The analysis of the mediation model was conducted using the software Mplus (edition 7; Muthén and Muthén 2017). The Mplus syntax with the model output is available under https://osf.io/ma7n5/.

To test the significance of indirect effects in the model, the product of two direct paths needs to be interpreted. However, the products of direct paths are usually not normally distributed; therefore, conventional significance tests (e.g., joint significance test, Baron and Kenny 1986) have only limited reliability. To address this problem in the mediation model, a standard non-parametric bootstrapping method was used to estimate the four indirect effects and 1000 bootstrap samples were drawn (cf. MacKinnon 2013).

Furthermore, to handle the missing values in the mediator variables, a full information maximum likelihood (FIML) estimator was used (Allison 2009; Enders and Bandalos 2001). The amount of missing data was overall very low and ranged between 2.5% (preferences to read for information) and 2.7% (preferences to read for entertainment), and 0.2% for the number of books at home.

Results

Descriptive statistics

Table 2 displays the means and standard deviations of the WLEs for reading competence in literary texts and informational texts, the preferences to read for entertainment and information, and the control variables’ number of books at home and individual’s age. The descriptive statistics are displayed for the whole sample and separated by gender. Furthermore, the t-values for the mean gender difference are included in Table 2. Since reading preferences were measured with formative indicators, sum values were provided for both variables. These two sum values cannot be compared with each other because a different number of tasks were included in the calculation of those values. Each reading preference should therefore be considered a separate scale regarding gender differences in text-type-specific reading competences.

Table 2 Sample size, mean, and standard deviations for the dependent, mediator, and independent variables as well as mean differences for women and men

The descriptive analyses showed no gender differences in reading competence in literary and informational texts. Furthermore, there were significant gender differences in reading preferences. As expected, women read more often for entertainment (science fiction, novels, crime fiction, and thrillers or horror books) than men. However, men have a significantly higher reading preference for informational texts (newspaper, factual books, and biography) than women. Moreover, there were no significant gender differences in the control variables (i.e., number of books at home and age).

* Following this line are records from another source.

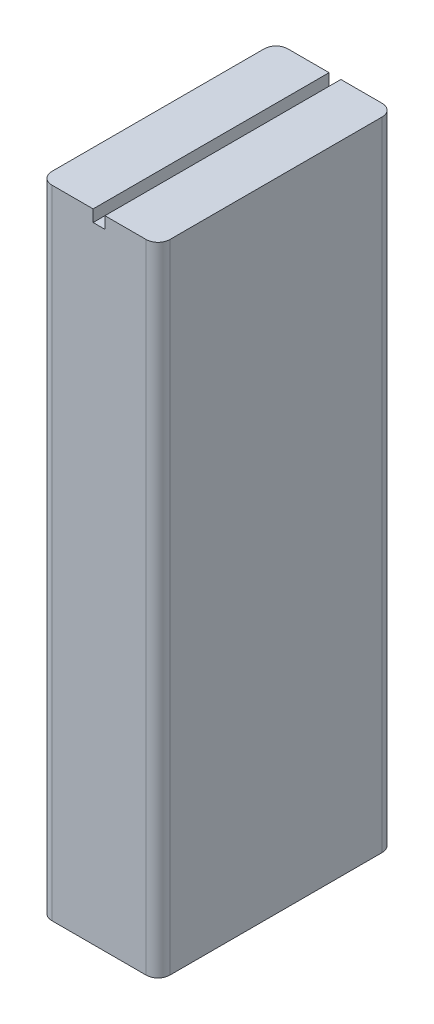
from build123d import *

# Parameters (mm, degrees)
SKETCH_1_W          = 10
SKETCH_1_H          = 20
EXTRUDE_1_DEPTH     = 54
FILLET_1_R          = 1
SKETCH_2_W          = 1
SKETCH_2_H          = 20
CUT_EXTRUDE_1_DEPTH = 1


with BuildPart() as part:
    # 草图1 → 凸台-拉伸1 (new body)
    with BuildSketch(Plane(origin=(0, 0, 0), x_dir=(1, 0, 0), z_dir=(0, 1, 0))):
        with Locations((5, 10)):
            Rectangle(SKETCH_1_W, SKETCH_1_H)
    extrude(amount=EXTRUDE_1_DEPTH)

    # 圆角1
    fillet_1_edges = [part.edges().sort_by_distance(p)[0] for p in [
        (0, 27, -20),
        (10, 27, -20),
        (10, 27, 0),
        (0, 27, 0),
    ]]
    fillet(fillet_1_edges, radius=FILLET_1_R)

    # 草图2 → 切除-拉伸1 (cut)
    with BuildSketch(Plane(origin=(0, 54, 0), x_dir=(1, 0, 0), z_dir=(0, 1, 0))):
        with Locations((5, 10)):
            Rectangle(SKETCH_2_W, SKETCH_2_H)
    extrude(amount=-CUT_EXTRUDE_1_DEPTH, mode=Mode.SUBTRACT)


solid = part.part
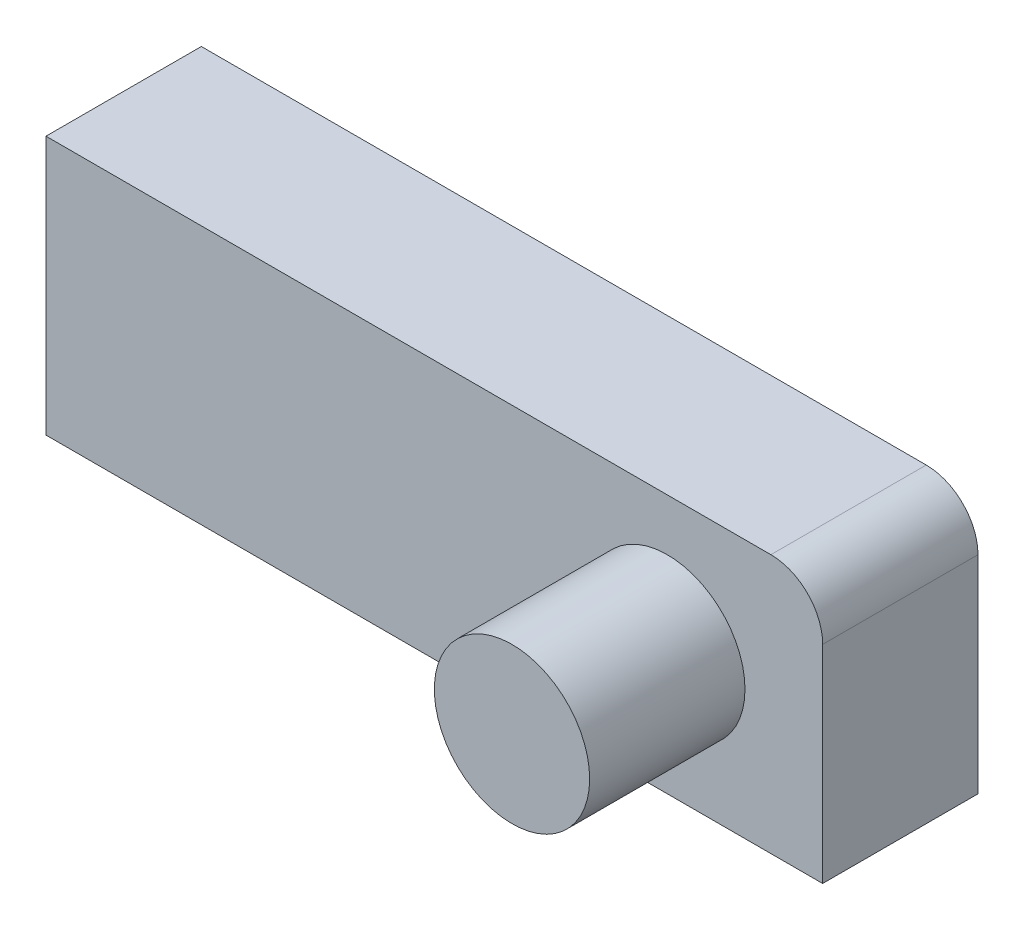
from build123d import *

# Parameters (mm, degrees)
SKETCH_1_W      = 15
SKETCH_1_H      = 5
EXTRUDE_1_DEPTH = 3
SKETCH_2_R      = 1.5
EXTRUDE_2_DEPTH = 3
FILLET_2_R      = 1


with BuildPart() as part:
    # 草图1 → 凸台-拉伸1 (new body)
    with BuildSketch(Plane.XY):
        with Locations((-9.275700935, 1.740654206)):
            Rectangle(SKETCH_1_W, SKETCH_1_H)
    extrude(amount=EXTRUDE_1_DEPTH)

    # 草图2 → 凸台-拉伸2 (add)
    with BuildSketch(Plane.XY.offset(3)):
        with Locations((-4.775700935, 1.740654206)):
            Circle(SKETCH_2_R)
    extrude(amount=EXTRUDE_2_DEPTH)

    # 圆角2
    fillet_2_edges = [part.edges().sort_by_distance(p)[0] for p in [
        (-1.775700935, 4.240654206, 1.5),
    ]]
    fillet(fillet_2_edges, radius=FILLET_2_R)


solid = part.part
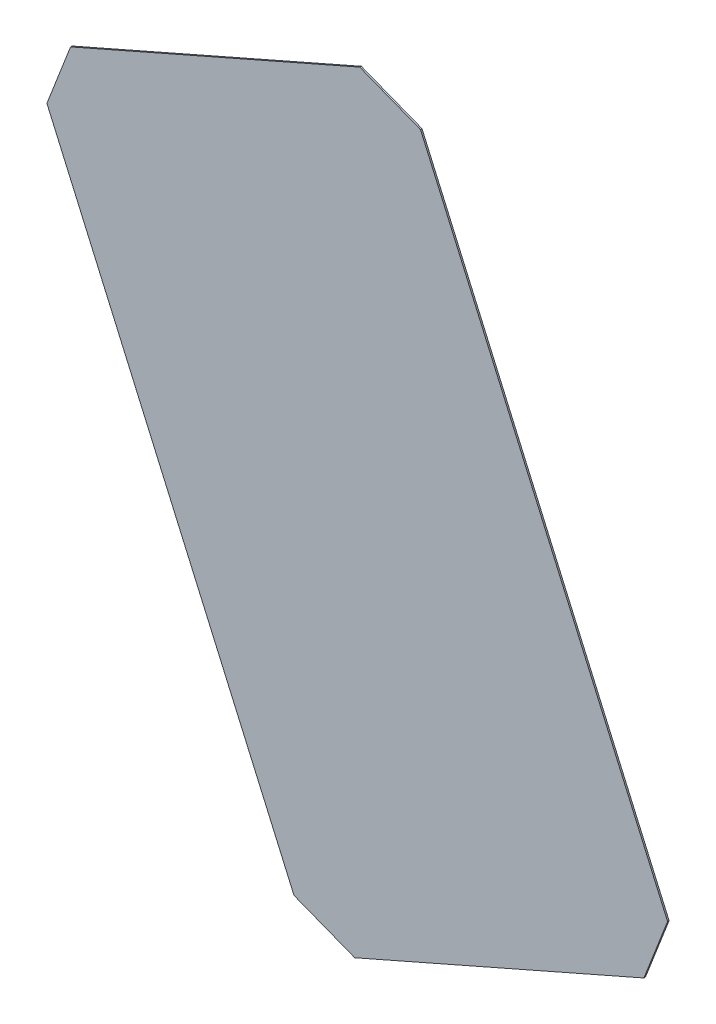
from build123d import *

# Parameters (mm, degrees)
BOSS_EXTRUDE1_DEPTH = 1


with BuildPart() as part:
    # Sketch1 → Boss-Extrude1 (new body)
    with BuildSketch(Plane.XY):
        Polygon((-89.339677143, 491.390488051), (98.983985279, 574.135204932), (138.51753598, 558.737206069), (299.421214894, 192.526875641), (284.02321603, 152.993324941), (95.699553608, 70.248608059), (56.166002907, 85.646606923), (-104.737676007, 451.85693735), align=None)
    extrude(amount=BOSS_EXTRUDE1_DEPTH)


solid = part.part
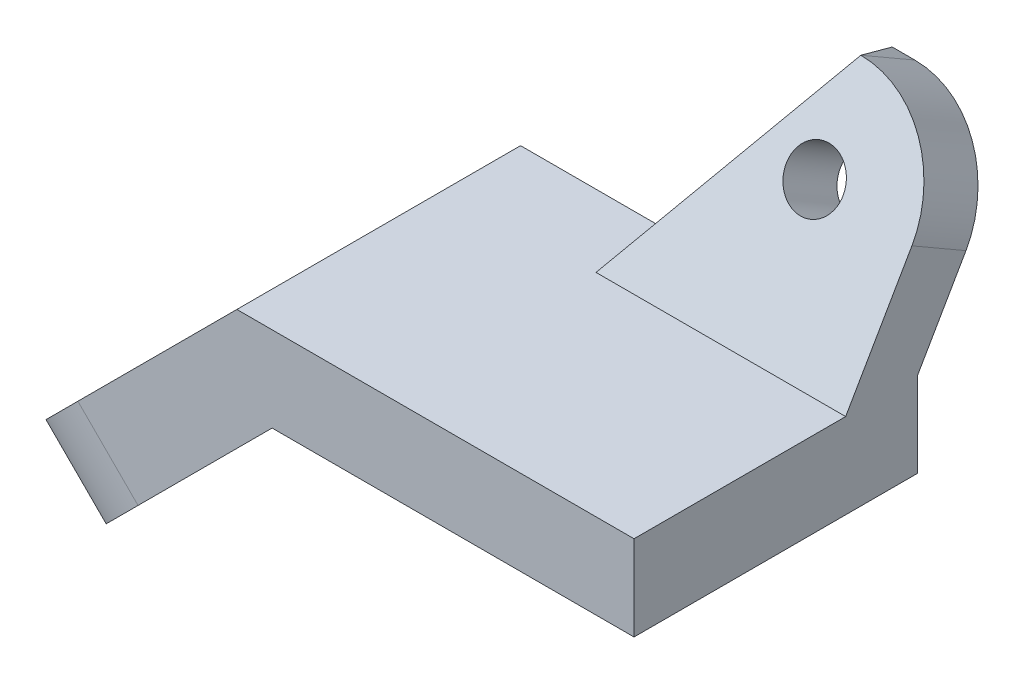
from build123d import *

# Parameters (mm, degrees)
EXTRUDE_THIN1_DEPTH = 25
CUT_EXTRUDE1_REACH  = 95.408
CUT_EXTRUDE2_REACH  = 95.248
SKETCH4_R           = 15
EXTRUDE_THIN2_DEPTH = 44
FILLET2_R           = 18
CUT_EXTRUDE4_REACH  = 95.113
SKETCH8_R           = 5
CUT_EXTRUDE9_DEPTH  = 14.666666666


with BuildPart() as part:
    # Sketch1 → Extrude-Thin1 (new, symmetric)
    with BuildSketch(Plane.XY):
        Polygon((-45.961940777, -45.961940777), (0, 0), (70, 0), (70, -15), (6.213203436, -15), (-35.355339059, -56.568542495), align=None)
    extrude(amount=EXTRUDE_THIN1_DEPTH, both=True)

    # Sketch3 → Cut-Extrude1 (cut, up to next)
    with BuildSketch(Plane(origin=(0, 0, 0), x_dir=(0, 0, 1), z_dir=(-0.707106781186544, 0.7071067811865511, 0)), mode=Mode.PRIVATE) as cut_extrude1_sk1:
        with BuildLine():
            Line((-25, -39.625598043), (-40.613417223, -39.625598043))
            Line((-40.613417223, -39.625598043), (-40.613417223, -78.57107129))
            Line((-40.613417223, -78.57107129), (38.176612189, -78.57107129))
            Line((38.176612189, -78.57107129), (38.176612189, -39.625598043))
            Line((38.176612189, -39.625598043), (25, -39.625598043))
            ThreePointArc((25, -39.625598043), (0, -64.625598043), (-25, -39.625598043))
        make_face()
    cut_extrude1_tool1 = extrude(cut_extrude1_sk1.sketch, amount=-CUT_EXTRUDE1_REACH, mode=Mode.PRIVATE) & part.part
    add(cut_extrude1_tool1.solids().sort_by_distance((-28.641004, -28.641004, -32.806709))[0], mode=Mode.SUBTRACT)

    # Sketch4 → Cut-Extrude2 (cut, up to next)
    with BuildSketch(Plane(origin=(0, 0, 0), x_dir=(0, 0, 1), z_dir=(-0.707106781186544, 0.7071067811865511, 0)), mode=Mode.PRIVATE) as cut_extrude2_sk1:
        with Locations(Location((0, -39.625598043, 0), (0, 0, 270))):
            Circle(SKETCH4_R)
    cut_extrude2_tool1 = extrude(cut_extrude2_sk1.sketch, amount=-CUT_EXTRUDE2_REACH, mode=Mode.PRIVATE) & part.part
    add(cut_extrude2_tool1.solids().sort_by_distance((-28.019529, -28.019529, 0))[0], mode=Mode.SUBTRACT)

    # Sketch6 → Extrude-Thin2 (add)
    with BuildSketch(Plane(origin=(70, 0, 0), x_dir=(0, 0, -1), z_dir=(1, 0, 0))):
        Polygon((19.884546135, -8.860225997), (25, 0), (42.5, 30.310889132), (32.973720558, 35.810889132), (15.473720558, 5.5), (10.358266694, -3.360225997), align=None)
    extrude(amount=-EXTRUDE_THIN2_DEPTH)

    # Fillet2
    fillet2_edges = [part.edges().sort_by_distance(p)[0] for p in [
        (70, 33.060889132, -37.736860279),
    ]]
    fillet(fillet2_edges, radius=FILLET2_R)

    # Sketch8 → Cut-Extrude4 (cut, up to next)
    with BuildSketch(Plane(origin=(0, -5.325317547, -9.223720558), x_dir=(1, 0, 0), z_dir=(0, 0.4999999999999978, 0.86602540378444)), mode=Mode.PRIVATE) as cut_extrude4_sk1:
        with Locations(Location((52.289208075, 30.640066592, 0), (0, 0, 270))):
            Circle(SKETCH8_R)
    cut_extrude4_tool1 = extrude(cut_extrude4_sk1.sketch, amount=-CUT_EXTRUDE4_REACH, mode=Mode.PRIVATE) & part.part
    add(cut_extrude4_tool1.solids().sort_by_distance((52.289208, 21.209758, -24.543754))[0], mode=Mode.SUBTRACT)

    # Sketch10 → Cut-Extrude9 (cut, along a direction that is not the sketch's normal)
    with BuildSketch(Plane(origin=(0, -5.325317547, -9.223720558), x_dir=(1, 0, 0), z_dir=(0, 0.4999999999999978, 0.86602540378444))):
        Polygon((26, 6.149147039), (52, 47.5), (26, 47.5), align=None)
    extrude(amount=-CUT_EXTRUDE9_DEPTH, dir=(0, 0, 1), mode=Mode.SUBTRACT)


solid = part.part
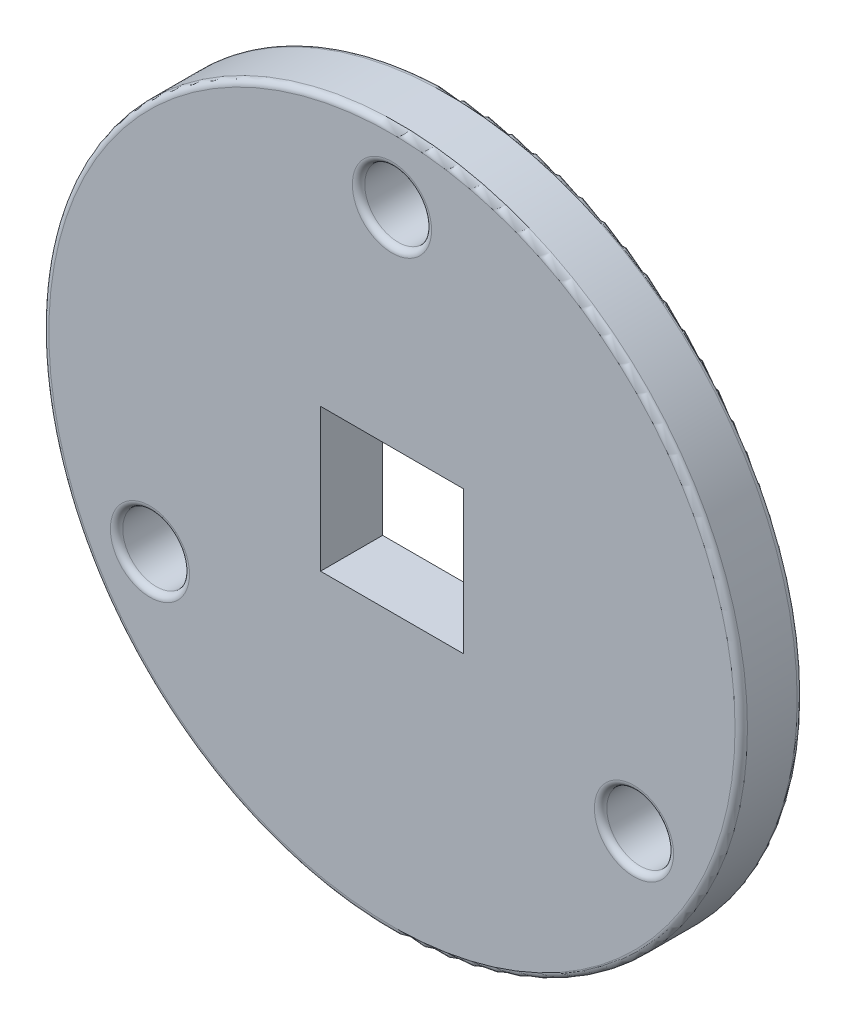
from build123d import *

# Parameters (mm, degrees)
SKETCH1_R           = 112.5
SKETCH1_R_2         = 10.75
SKETCH1_W           = 46
SKETCH1_H           = 46
BOSS_EXTRUDE1_DEPTH = 20
FILLET9_R           = 2


with BuildPart() as part:
    # Sketch1 → Boss-Extrude1 (new body)
    with BuildSketch(Plane.XY):
        Circle(SKETCH1_R)
        with Locations((0, 90)):
            Circle(SKETCH1_R_2, mode=Mode.SUBTRACT)
        with Locations((77.942286341, -45)):
            Circle(SKETCH1_R_2, mode=Mode.SUBTRACT)
        with Locations((-77.942286341, -45)):
            Circle(SKETCH1_R_2, mode=Mode.SUBTRACT)
        Rectangle(SKETCH1_W, SKETCH1_H, mode=Mode.SUBTRACT)
    extrude(amount=BOSS_EXTRUDE1_DEPTH)

    # Fillet9
    fillet9_edges = [part.edges().sort_by_distance(p)[0] for p in [
        (-10.75, 90, 0),
        (-10.75, 90, 20),
        (-112.5, 0, 0),
        (67.192286341, -45, 0),
        (67.192286341, -45, 20),
        (-88.692286341, -45, 0),
        (-88.692286341, -45, 20),
        (-112.5, 0, 20),
    ]]
    fillet(fillet9_edges, radius=FILLET9_R)


solid = part.part
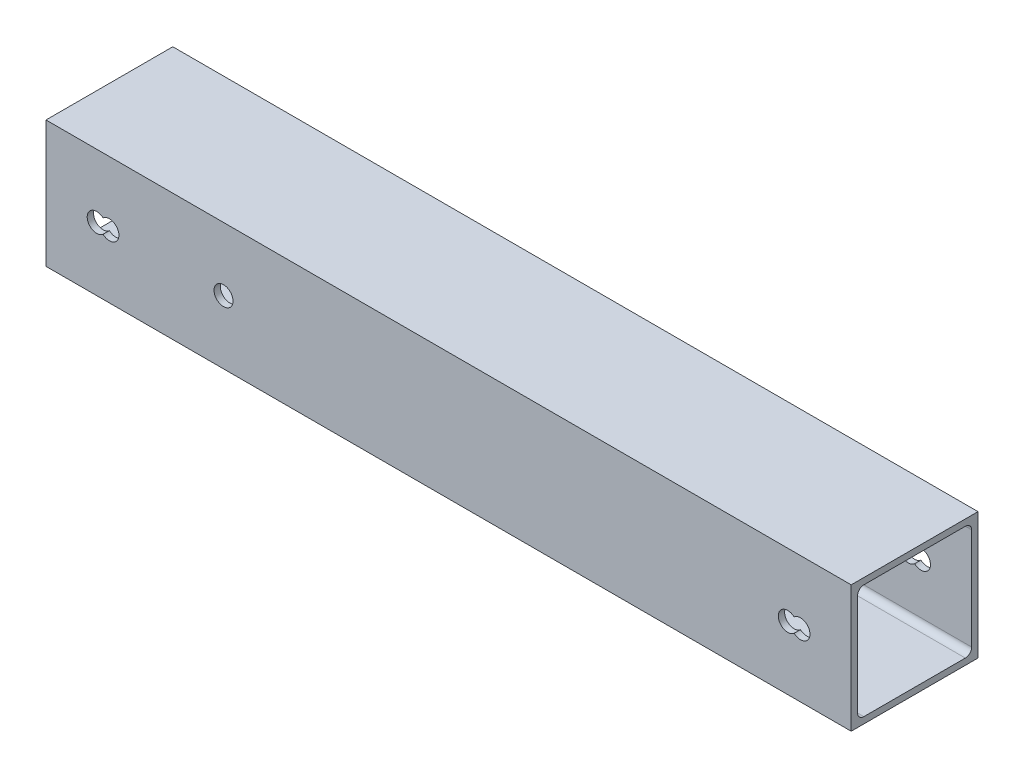
from build123d import *

# Parameters (mm, degrees)
SKETCH1_W           = 20
SKETCH1_H           = 20
BOSS_EXTRUDE1_DEPTH = 127
SKETCH5_R           = 1.5
CUT_EXTRUDE4_DEPTH  = 20
SKETCH2_R           = 1.5
CUT_EXTRUDE1_DEPTH  = 600
SKETCH3_R           = 1.5
CUT_EXTRUDE2_DEPTH  = 30


with BuildPart() as part:
    # Sketch1 → Boss-Extrude1 (new body)
    with BuildSketch(Plane(origin=(0, 0, 0), x_dir=(0, 0, -1), z_dir=(1, 0, 0))):
        Rectangle(SKETCH1_W, SKETCH1_H)
        with BuildLine():
            Line((-8, -9), (8, -9))
            ThreePointArc((8, -9), (8.707106781, -8.707106781), (9, -8))
            Line((9, -8), (9, 8))
            ThreePointArc((9, 8), (8.707106781, 8.707106781), (8, 9))
            Line((8, 9), (-8, 9))
            ThreePointArc((-8, 9), (-8.707106781, 8.707106781), (-9, 8))
            Line((-9, 8), (-9, -8))
            ThreePointArc((-9, -8), (-8.707106781, -8.707106781), (-8, -9))
        make_face(mode=Mode.SUBTRACT)
    extrude(amount=BOSS_EXTRUDE1_DEPTH)

    # Sketch5 → Cut-Extrude4 (cut)
    with BuildSketch(Plane.XY.offset(10)):
        with Locations((10, 0)):
            Circle(SKETCH5_R)
        with Locations((117, 0)):
            Circle(SKETCH5_R)
    extrude(amount=-CUT_EXTRUDE4_DEPTH, mode=Mode.SUBTRACT)

    # Sketch2 → Cut-Extrude1 (cut)
    with BuildSketch(Plane.XY.offset(10)):
        with Locations((8, 0)):
            Circle(SKETCH2_R)
        with Locations((28, 0)):
            Circle(SKETCH2_R)
    extrude(amount=-CUT_EXTRUDE1_DEPTH, mode=Mode.SUBTRACT)

    # Sketch3 → Cut-Extrude2 (cut)
    with BuildSketch(Plane.XY.offset(10)):
        with Locations((119, 0)):
            Circle(SKETCH3_R)
        with Locations((139, 0)):
            Circle(SKETCH3_R)
    extrude(amount=-CUT_EXTRUDE2_DEPTH, mode=Mode.SUBTRACT)


solid = part.part

A bivariate correlation matrix with all included variables of the final model is presented in Table 3. The correlations of the included variables range from r = 0.00 to r = 0.64 with relatively low coefficients. There was one exception; the correlation between reading competence in literary texts and informational texts (r = 0.64) was rather high; however, they still represent separate constructs. The correlation between the two separate scales of reading preferences for entertainment and information was very low (r = 0.07). The correlations between reading competence in informational texts and reading preferences were r = .14 for preference to read for entertainment and r = .22 for preference to read for information. The correlations between reading competence in literary texts and reading preferences were r = .18 for preference to read for entertainment and r = .20 for preference to read for information.

Table 3 Correlations between all variables of the final model

Mediation model

Analyses of direct paths

The mediation model (see Table 4 and Fig. 1) showed a small gender difference in reading competence in informational texts after including reading preferences and control variables. In that case, men had slightly higher reading competences in informational texts than women (b = 0.15, SE = 0.07, p = 0.04, d = 0.14), although there was no gender difference in the reading competence in literary texts (b = − 0.02, SE = 0.08, p = 0.82). So the first hypothesis was partly confirmed, that there are small gender differences in informational texts in favor of men, but there were no difference between women and men in reading competence regarding literary texts.

Table 4 Mediation model: gender differences in text-type-specific reading competences as mediated by preferences to read for entertainment or information
Fig. 1
figure 1

Mediation model: gender differences in text-type-specific reading competences as mediated by preferences to read for entertainment or information; standardized regression parameters are displayed in the figure; dashed lines are not significant. *p < 0.05

The second hypothesis is related to the research question whether reading competence in text-type-specific reading is predicted by preferences for reading. Individuals who read for entertainment had slightly higher reading competence in literary texts (b = 0.04, SE = 0.02, p = 0.04, d = 0.14), whereas there was no effect from the preferences to read for entertainment on reading competence in informational texts (b = 0.01, SE = 0.01, p = 0.39).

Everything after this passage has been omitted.